Maria Mitchell: Life, Letters, and Journals eBook

This eBook from the Gutenberg Project consists of approximately 287 pages of information about Maria Mitchell.

Maria Mitchell: Life, Letters, and Journals eBook

This eBook from the Gutenberg Project consists of approximately 287 pages of information about Maria Mitchell.

“No one to-day will expect to receive a letter such as reached Sir John Herschel some years ago, asking for the writer’s horoscope to be cast; or such as he received at another time, which asked, Shall I marry? and Have I seen her?

“Nor can it be long, if the whole population is somewhat educated, that I shall be likely to receive, as I have done, applications for information as to the recovery of stolen goods, or to tell fortunes.

“When crossing the Atlantic, an Irish woman came to me and asked me if I told fortunes; and when I replied in the negative, she asked me if I were not an astronomer.  I admitted that I made efforts in that direction.  She then asked me what I could tell, if not fortunes.  I told her that I could tell when the moon would rise, when the sun would rise, etc.  She said, ‘Oh,’ in a tone which plainly said, ‘Is that all?’

“Only a few winters since, during a very mild winter, a young lad who was driving a team called out to me on the street, and said he had a question to ask me.

“I stopped; and he asked, ‘Shall we lose our ice-crop this winter?’

“It was January, and it was New England.  It took very little learning and no alchemy to foretell that the month of February and the neighborhood of Boston would give ice enough; and I told him that the ice-crop would be abundant; but I was honest enough to explain to him that my outlook into the future was no better than his.

“One of the unfavorable results of the attempt to popularize science is this:  the reader of popular scientific books is very likely to think that he understands the science itself, when he merely understands what some writer says about science.

“Take, for example, the method of determining the distance of the moon from the earth—­one of the easiest problems in physical astronomy.  The method can be told in a few sentences; yet it took a hundred years to determine it with any degree of accuracy—­and a hundred years, not of the average work of mankind in science, but a hundred years during which able minds were bent to the problem.

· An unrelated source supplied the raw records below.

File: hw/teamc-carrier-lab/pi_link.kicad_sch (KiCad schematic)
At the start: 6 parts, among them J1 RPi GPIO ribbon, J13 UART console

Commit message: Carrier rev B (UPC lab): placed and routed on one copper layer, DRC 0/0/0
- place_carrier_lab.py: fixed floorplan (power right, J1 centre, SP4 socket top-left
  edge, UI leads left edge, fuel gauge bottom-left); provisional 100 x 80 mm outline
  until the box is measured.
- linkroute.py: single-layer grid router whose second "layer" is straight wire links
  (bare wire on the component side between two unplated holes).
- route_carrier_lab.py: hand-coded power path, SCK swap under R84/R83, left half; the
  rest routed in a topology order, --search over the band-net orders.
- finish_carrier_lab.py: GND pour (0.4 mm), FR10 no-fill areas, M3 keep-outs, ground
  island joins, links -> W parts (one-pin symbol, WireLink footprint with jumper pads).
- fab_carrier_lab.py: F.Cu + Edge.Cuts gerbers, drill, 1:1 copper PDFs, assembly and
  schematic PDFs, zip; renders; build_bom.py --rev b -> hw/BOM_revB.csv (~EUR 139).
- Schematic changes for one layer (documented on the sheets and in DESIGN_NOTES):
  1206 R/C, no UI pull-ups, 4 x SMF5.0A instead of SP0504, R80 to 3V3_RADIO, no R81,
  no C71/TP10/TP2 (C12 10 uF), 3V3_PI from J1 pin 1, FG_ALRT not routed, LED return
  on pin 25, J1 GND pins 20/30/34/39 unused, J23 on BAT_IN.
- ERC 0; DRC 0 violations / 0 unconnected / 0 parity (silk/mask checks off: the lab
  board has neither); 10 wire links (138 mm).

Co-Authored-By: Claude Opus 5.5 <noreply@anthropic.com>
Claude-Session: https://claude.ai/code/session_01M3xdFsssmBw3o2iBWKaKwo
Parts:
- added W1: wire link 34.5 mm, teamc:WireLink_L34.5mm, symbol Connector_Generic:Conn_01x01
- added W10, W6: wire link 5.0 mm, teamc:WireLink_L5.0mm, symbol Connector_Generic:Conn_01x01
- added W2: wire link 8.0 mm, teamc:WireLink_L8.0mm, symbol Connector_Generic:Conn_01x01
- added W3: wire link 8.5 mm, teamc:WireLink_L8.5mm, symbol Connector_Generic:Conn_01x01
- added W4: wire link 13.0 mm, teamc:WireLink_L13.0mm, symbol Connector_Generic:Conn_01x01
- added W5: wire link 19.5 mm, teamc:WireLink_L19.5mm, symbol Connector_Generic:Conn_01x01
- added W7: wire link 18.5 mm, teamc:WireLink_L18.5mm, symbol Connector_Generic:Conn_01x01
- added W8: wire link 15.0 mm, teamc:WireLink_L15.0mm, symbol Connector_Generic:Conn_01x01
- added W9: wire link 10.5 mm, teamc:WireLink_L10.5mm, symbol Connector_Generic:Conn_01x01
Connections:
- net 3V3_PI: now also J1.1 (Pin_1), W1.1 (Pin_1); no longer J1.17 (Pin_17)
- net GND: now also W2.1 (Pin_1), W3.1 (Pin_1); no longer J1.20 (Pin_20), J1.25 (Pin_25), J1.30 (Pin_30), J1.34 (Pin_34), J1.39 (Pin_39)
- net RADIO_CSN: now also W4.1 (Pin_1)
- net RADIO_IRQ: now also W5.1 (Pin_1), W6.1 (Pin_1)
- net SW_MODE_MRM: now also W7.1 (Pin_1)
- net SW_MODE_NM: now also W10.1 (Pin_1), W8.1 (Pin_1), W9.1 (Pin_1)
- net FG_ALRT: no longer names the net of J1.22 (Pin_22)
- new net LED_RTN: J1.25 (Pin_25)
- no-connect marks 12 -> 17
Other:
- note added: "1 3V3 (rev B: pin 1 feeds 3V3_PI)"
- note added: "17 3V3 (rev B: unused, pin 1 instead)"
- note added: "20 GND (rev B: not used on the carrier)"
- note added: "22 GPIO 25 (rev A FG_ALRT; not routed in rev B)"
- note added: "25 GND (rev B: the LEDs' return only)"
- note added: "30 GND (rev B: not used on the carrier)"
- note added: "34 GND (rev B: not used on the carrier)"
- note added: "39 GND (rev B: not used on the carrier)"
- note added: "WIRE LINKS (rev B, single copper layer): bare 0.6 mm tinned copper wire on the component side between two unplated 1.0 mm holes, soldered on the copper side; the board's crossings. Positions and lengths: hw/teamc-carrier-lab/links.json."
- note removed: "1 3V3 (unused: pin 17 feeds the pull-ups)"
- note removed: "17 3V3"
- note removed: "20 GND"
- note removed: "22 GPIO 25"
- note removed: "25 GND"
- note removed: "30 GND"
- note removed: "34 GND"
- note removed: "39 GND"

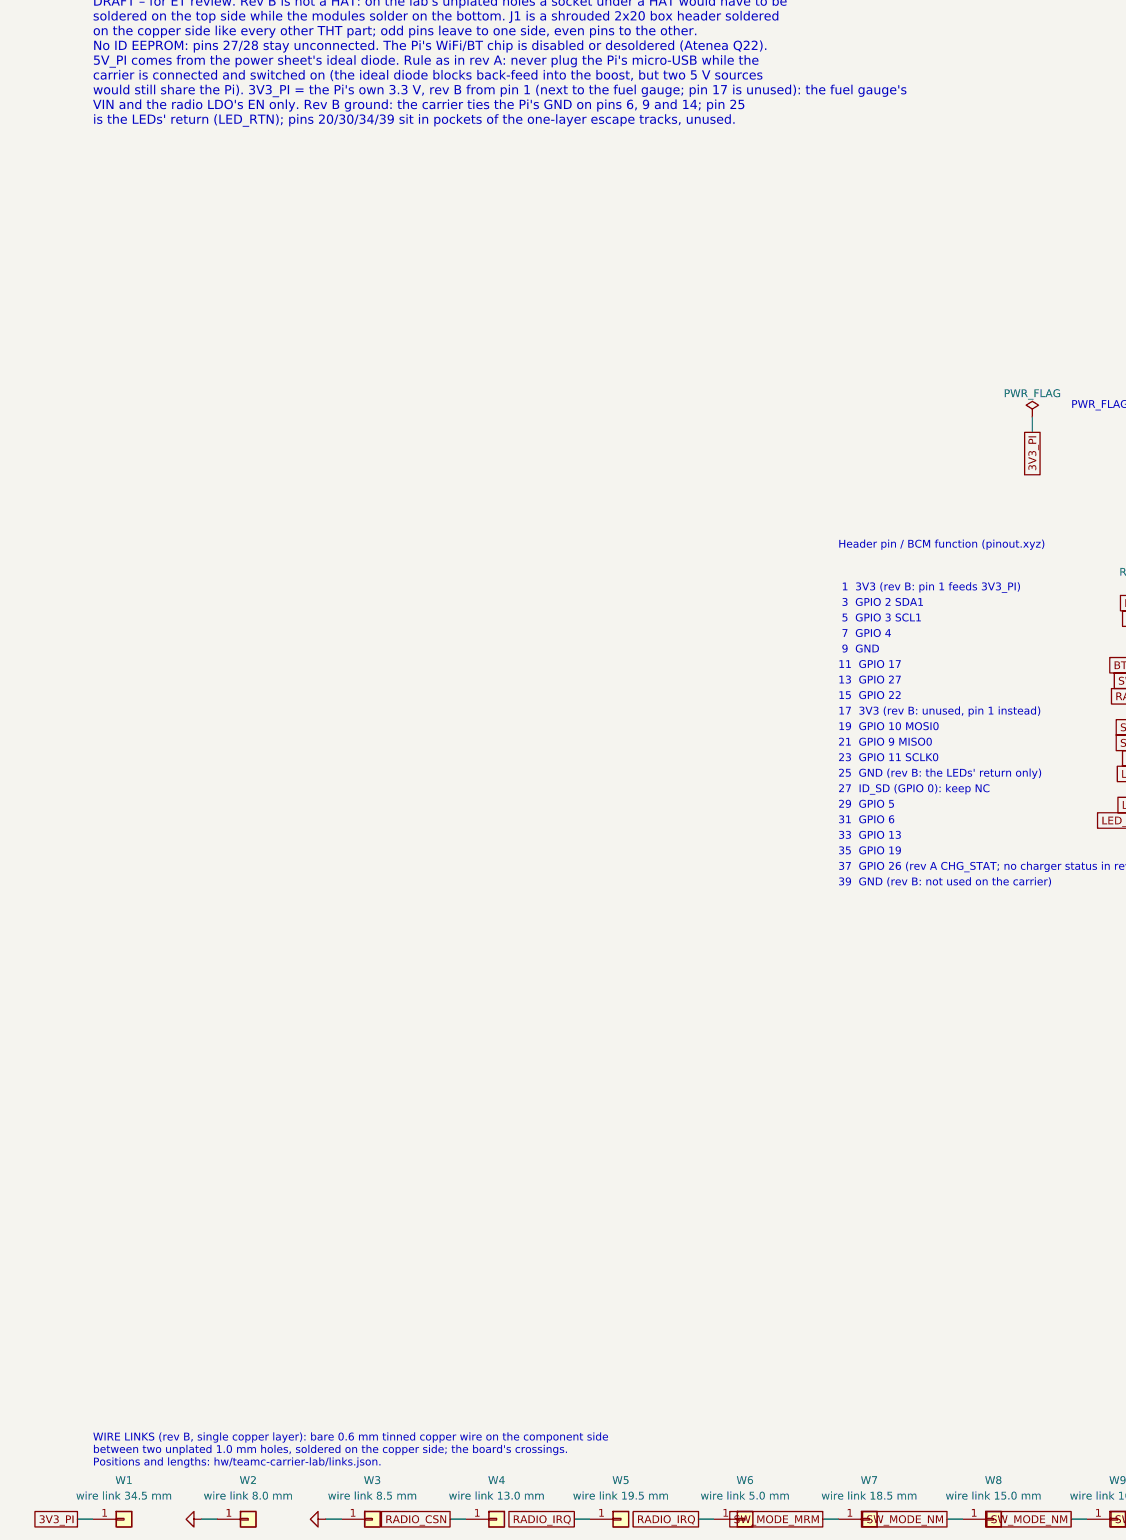
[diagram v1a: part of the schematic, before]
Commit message: Carrier rev B review fixes: charger on VBAT, insulated links, SPI at 4 MHz
- J23 (TP4056 lead) back on VBAT behind F1/Q1: placed between the VBAT line and
  C5, GND to C5's ground pad, R1 now returns to J20's GND pin. A reversed cell no
  longer reaches the charger and the lead is fused.
- Wire links: insulated 22 AWG solid hook-up wire, not bare (schematic note, W
  MPN, WireLink footprint text, BoM, shopping list).
- Ribbon grounds: tying J1 20/25 to the pour was tried; the inner pocket of J1's
  escape ring (LEDs, pins 20/25) has no legal wire link, the outer pockets would
  cost 3 more. Kept as before and SPI defaults to 4 MHz instead (teamc-node
  --spi-hz, NRF24_LINUX_CFG_DEFAULT; was 8 MHz) until T2 is clean; flying-wire
  fallback documented.
- Pipeline rerun twice: ERC 0, DRC 0/0/0, one copper layer, no vias, 10 links;
  fab zip, 1:1 PDFs, renders and BOM_revB.csv (EUR 139.01) regenerated.
- fw 318, proto all scenarios + 116 usb, linux builds, phy_config OK.

Co-Authored-By: Claude Opus 5.5 <noreply@anthropic.com>
Claude-Session: https://claude.ai/code/session_01PKzvcoWGaf5niy6TrXYsya
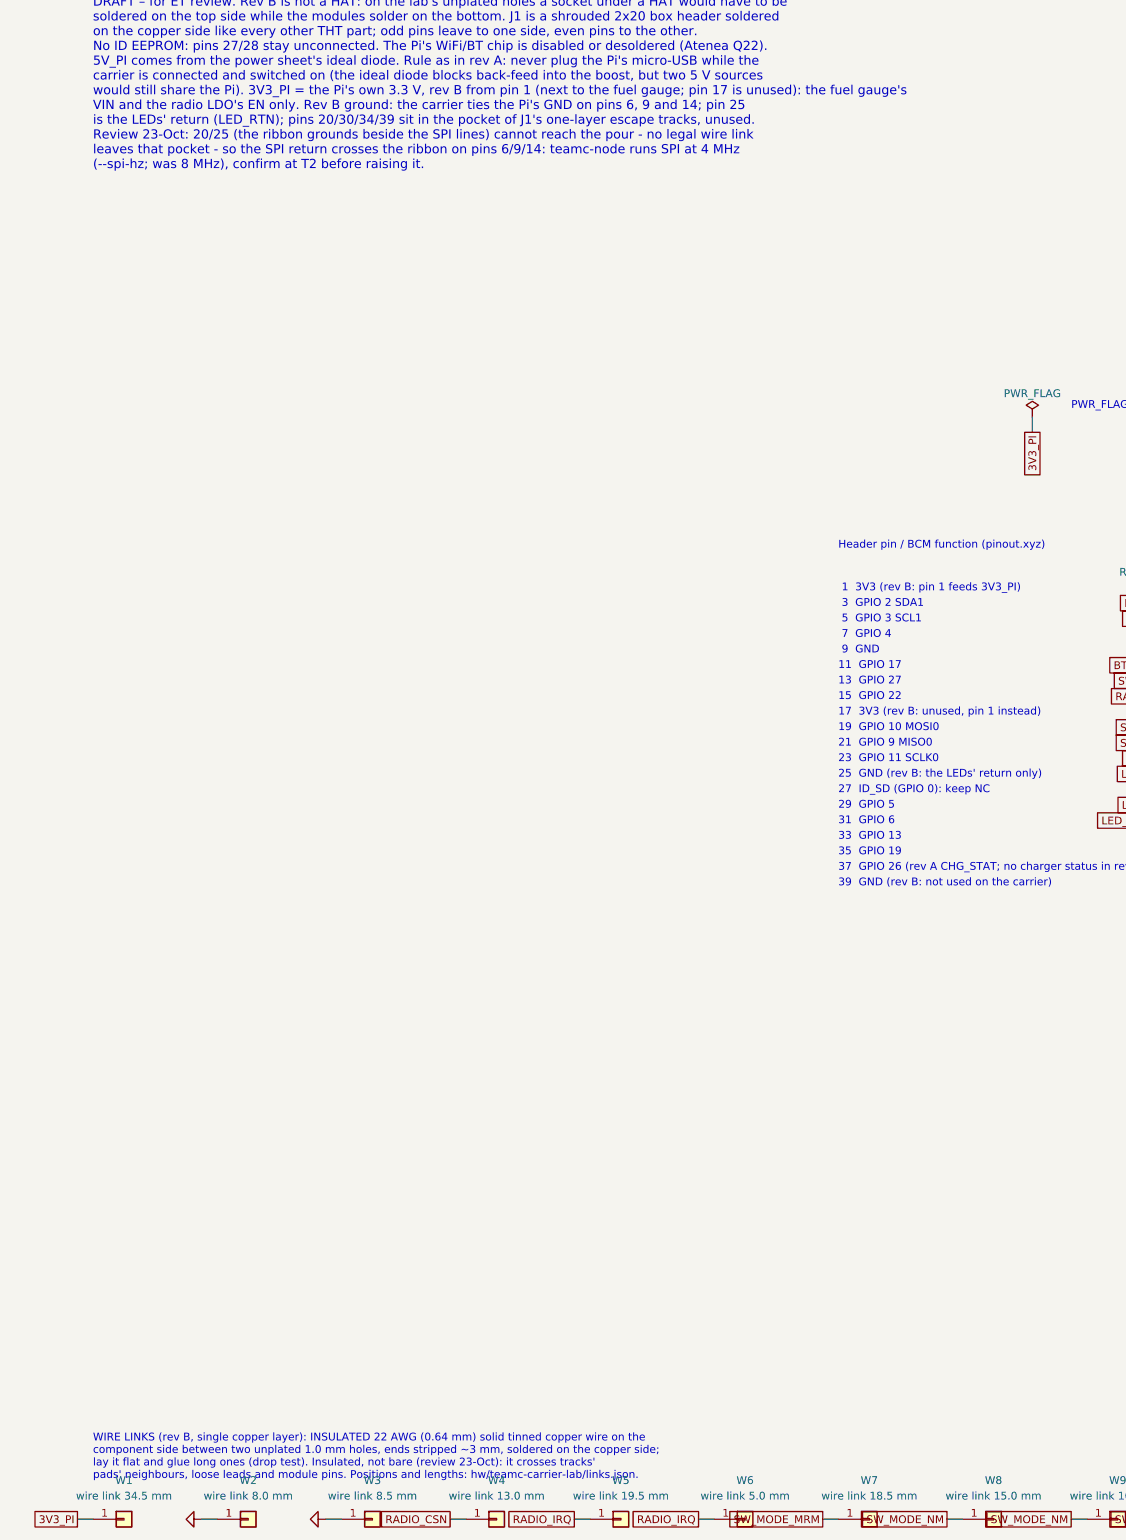
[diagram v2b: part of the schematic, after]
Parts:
- W1, W10, W2, W3, W4, W5, W6, W7, W8, W9: MPN 0.6 mm (22 AWG) tinned copper wire, bare -> 22 AWG solid tinned copper hook-up wire, PVC/PTFE insulated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
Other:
- note added: "WIRE LINKS (rev B, single copper layer): INSULATED 22 AWG (0.64 mm) solid tinned copper wire on the component side between two unplated 1.0 mm holes, ends stripped ~3 mm, soldered on the copper side; lay it flat and glue long ones (drop test). Insulated, not bare (review 23-Oct): it crosses tracks' pads' neighbours, loose leads and module pins. Positions and lengths: hw/teamc-carrier-lab/links.js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"
- note removed: "WIRE LINKS (rev B, single copper layer): bare 0.6 mm tinned copper wire on the component side between two unplated 1.0 mm holes, soldered on the copper side; the board's crossings. Positions and lengths: hw/teamc-carrier-lab/links.json."
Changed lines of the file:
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@@
 			)
 		)
-		(property "MPN" "0.6 mm (22 AWG) tinned copper wire, bare"
+		(property "MPN" "22 AWG solid tinned copper hook-up wire, PVC/PTFE insulated (ends stripped)"
 			(at 30.48 276.86 0)
 			(effects
@@
 			)
 		)
-		(property "MPN" "0.6 mm (22 AWG) tinned copper wire, bare"
+		(property "MPN" "22 AWG solid tinned copper hook-up wire, PVC/PTFE insulated (ends stripped)"
 			(at 50.8 276.86 0)
 			(effects
@@
 			)
 		)
-		(property "MPN" "0.6 mm (22 AWG) tinned copper wire, bare"
+		(property "MPN" "22 AWG solid tinned copper hook-up wire, PVC/PTFE insulated (ends stripped)"
 			(at 71.12 276.86 0)
 			(effects
@@
 			)
 		)
-		(property "MPN" "0.6 mm (22 AWG) tinned copper wire, bare"
+		(property "MPN" "22 AWG solid tinned copper hook-up wire, PVC/PTFE insulated (ends stripped)"
 			(at 91.44 276.86 0)
 			(effects
@@
 			)
 		)
-		(property "MPN" "0.6 mm (22 AWG) tinned copper wire, bare"
+		(property "MPN" "22 AWG solid tinned copper hook-up wire, PVC/PTFE insulated (ends stripped)"
 			(at 111.76 276.86 0)
 			(effects
@@
 			)
 		)
-		(property "MPN" "0.6 mm (22 AWG) tinned copper wire, bare"
+		(property "MPN" "22 AWG solid tinned copper hook-up wire, PVC/PTFE insulated (ends stripped)"
 			(at 132.08 276.86 0)
 			(effects
@@
 			)
 		)
-		(property "MPN" "0.6 mm (22 AWG) tinned copper wire, bare"
+		(property "MPN" "22 AWG solid tinned copper hook-up wire, PVC/PTFE insulated (ends stripped)"
 			(at 152.4 276.86 0)
 			(effects
@@
 			)
 		)
-		(property "MPN" "0.6 mm (22 AWG) tinned copper wire, bare"
+		(property "MPN" "22 AWG solid tinned copper hook-up wire, PVC/PTFE insulated (ends stripped)"
 			(at 172.72 276.86 0)
 			(effects
@@
 			)
 		)
-		(property "MPN" "0.6 mm (22 AWG) tinned copper wire, bare"
+		(property "MPN" "22 AWG solid tinned copper hook-up wire, PVC/PTFE insulated (ends stripped)"
 			(at 193.04 276.86 0)
 			(effects
@@
 			)
 		)
-		(property "MPN" "0.6 mm (22 AWG) tinned copper wire, bare"
+		(property "MPN" "22 AWG solid tinned copper hook-up wire, PVC/PTFE insulated (ends stripped)"
 			(at 213.36 276.86 0)
 			(effects
@@
 		)
 	)
-	(text "DRAFT – for ET review. Rev B is not a HAT: on the lab's unplated holes a socket under a HAT would have to be\nsoldered on the top side while the modules solder on the bottom. J1 is a shrouded 2x20 box header soldered\non the copper side like every other THT part; odd pins leave to one side, even pins to the other.\nNo ID EEPROM: pins 27/28 stay unconnected. The Pi's WiFi/BT chip is disabled or desoldered (Atenea Q22).\n5V_PI comes from the power sheet's ideal diode. Rule as in rev A: never plug the Pi's micro-USB while the\ncarrier is connected and switched on (the ideal diode blocks back-feed into the boost, but two 5 V sources\nwould still share the Pi). 3V3_PI = the Pi's own 3.3 V, rev B from pin 1 (next to the fuel gauge; pin 17 is unused): the fuel gauge's\nVIN and the radio LDO's EN only. Rev B ground: the carrier ties the Pi's GND on pins 6, 9 and 14; pin 25\nis the LEDs' return (LED_RTN); pins 20/30/34/39 sit in pockets of the one-layer escape tracks, unused."
+	(text "DRAFT – for ET review. Rev B is not a HAT: on the lab's unplated holes a socket under a HAT would have to be\nsoldered on the top side while the modules solder on the bottom. J1 is a shrouded 2x20 box header soldered\non the copper side like every other THT part; odd pins leave to one side, even pins to the other.\nNo ID EEPROM: pins 27/28 stay unconnected. The Pi's WiFi/BT chip is disabled or desoldered (Atenea Q22).\n5V_PI comes from the power sheet's ideal diode. Rule as in rev A: never plug the Pi's micro-USB while the\ncarrier is connected and switched on (the ideal diode blocks back-feed into the boost, but two 5 V sources\nwould still share the Pi). 3V3_PI = the Pi's own 3.3 V, rev B from pin 1 (next to the fuel gauge; pin 17 is unused): the fuel gauge's\nVIN and the radio LDO's EN only. Rev B ground: the carrier ties the Pi's GND on pins 6, 9 and 14; pin 25\nis the LEDs' return (LED_RTN); pins 20/30/34/39 sit in the pocket of J1's one-layer escape tracks, unused.\nReview 23-Oct: 20/25 (the ribbon grounds beside the SPI lines) cannot reach the pour - no legal wire link\nleaves that pocket - so the SPI return crosses the ribbon on pins 6/9/14: teamc-node runs SPI at 4 MHz\n(--spi-hz; was 8 MHz), confirm at T2 before raising it."
 		(exclude_from_sim no)
 		(at 25.4 27.94 0)
@@
 		)
 	)
-	(text "WIRE LINKS (rev B, single copper layer): bare 0.6 mm tinned copper wire on the component side\nbetween two unplated 1.0 mm holes, soldered on the copper side; the board's crossings.\nPositions and lengths: hw/teamc-carrier-lab/links.json."
+	(text "WIRE LINKS (rev B, single copper layer): INSULATED 22 AWG (0.64 mm) solid tinned copper wire on the\ncomponent side between two unplated 1.0 mm holes, ends stripped ~3 mm, soldered on the copper side;\nlay it flat and glue long ones (drop test). Insulated, not bare (review 23-Oct): it crosses tracks'\npads' neighbours, loose leads and module pins. Positions and lengths: hw/teamc-carrier-lab/links.json."
 		(exclude_from_sim no)
 		(at 25.4 262.89 0)

“Still, with all the school-masters, and all the teaching, and all the books, the ignorance of the unscientific world is enormous; they are ignorant both ways—­they underrate the scientific people and they overrate them.  There is, on the one hand, the Irish woman who is disappointed because you cannot tell fortunes, and, on the other hand, the cultivated woman who supposes that you must know all science.

“I have a friend who wonders that I do not take my astronomical clock to pieces.  She supposes that because I am an astronomer, I must be able to be a clock-maker, while I do not handle a tool if I can help it!  She did not expect to take her piano to pieces because she was musical!  She was as careful not to tinker it as I was not to tinker the clock, which only an expert in clock-making was prepared to handle.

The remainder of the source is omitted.